[What the task asks] Your reply should be the following data, copied exactly.

[Data extract]

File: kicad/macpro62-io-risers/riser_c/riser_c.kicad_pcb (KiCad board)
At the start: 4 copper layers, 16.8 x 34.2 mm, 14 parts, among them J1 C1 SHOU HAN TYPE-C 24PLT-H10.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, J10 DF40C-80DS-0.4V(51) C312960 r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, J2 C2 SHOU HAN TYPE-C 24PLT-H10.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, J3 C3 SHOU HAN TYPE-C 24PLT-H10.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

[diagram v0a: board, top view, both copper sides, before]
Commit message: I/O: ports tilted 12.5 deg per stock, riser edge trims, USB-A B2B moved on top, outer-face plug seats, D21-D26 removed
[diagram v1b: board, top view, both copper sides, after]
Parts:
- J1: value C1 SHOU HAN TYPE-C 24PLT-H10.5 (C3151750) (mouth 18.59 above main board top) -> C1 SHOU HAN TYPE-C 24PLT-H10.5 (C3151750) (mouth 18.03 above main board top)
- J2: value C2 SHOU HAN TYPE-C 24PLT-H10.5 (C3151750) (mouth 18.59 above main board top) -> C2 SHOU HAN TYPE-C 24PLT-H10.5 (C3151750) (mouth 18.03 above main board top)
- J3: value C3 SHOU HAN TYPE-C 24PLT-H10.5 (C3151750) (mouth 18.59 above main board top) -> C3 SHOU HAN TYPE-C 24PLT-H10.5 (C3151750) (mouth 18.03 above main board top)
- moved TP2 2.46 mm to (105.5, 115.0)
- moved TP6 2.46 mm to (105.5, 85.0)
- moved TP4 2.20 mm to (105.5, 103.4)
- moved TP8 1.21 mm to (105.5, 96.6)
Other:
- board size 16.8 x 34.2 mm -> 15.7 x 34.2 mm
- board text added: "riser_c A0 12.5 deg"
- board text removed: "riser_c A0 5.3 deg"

[Result]
File: kicad/macpro62-io-risers/riser_c/riser_c.kicad_pcb (KiCad board)
At the start: 4 copper layers, 16.8 x 34.2 mm, 14 parts, among them J1 C1 SHOU HAN TYPE-C 24PLT-H10., J10 DF40C-80DS-0.4V(51) C312960 r, J2 C2 SHOU HAN TYPE-C 24PLT-H10., J3 C3 SHOU HAN TYPE-C 24PLT-H10.

[diagram v0a: board, top view, both copper sides, before]
Commit message: I/O: ports tilted 12.5 deg per stock, riser edge trims, USB-A B2B moved on top, outer-face plug seats, D21-D26 removed
[diagram v1b: board, top view, both copper sides, after]
Parts:
- J1: value C1 SHOU HAN TYPE-C 24PLT-H10.5 (C3151750) (mouth 18.59 above main board top) -> C1 SHOU HAN TYPE-C 24PLT-H10.5 (C3151750) (mouth 18.03 above main board top)
- J2: value C2 SHOU HAN TYPE-C 24PLT-H10.5 (C3151750) (mouth 18.59 above main board top) -> C2 SHOU HAN TYPE-C 24PLT-H10.5 (C3151750) (mouth 18.03 above main board top)
- J3: value C3 SHOU HAN TYPE-C 24PLT-H10.5 (C3151750) (mouth 18.59 above main board top) -> C3 SHOU HAN TYPE-C 24PLT-H10.5 (C3151750) (mouth 18.03 above main board top)
- moved TP2 2.46 mm to (105.5, 115.0)
- moved TP6 2.46 mm to (105.5, 85.0)
- moved TP4 2.20 mm to (105.5, 103.4)
- moved TP8 1.21 mm to (105.5, 96.6)
Other:
- board size 16.8 x 34.2 mm -> 15.7 x 34.2 mm
- board text added: "riser_c A0 12.5 deg"
- board text removed: "riser_c A0 5.3 deg"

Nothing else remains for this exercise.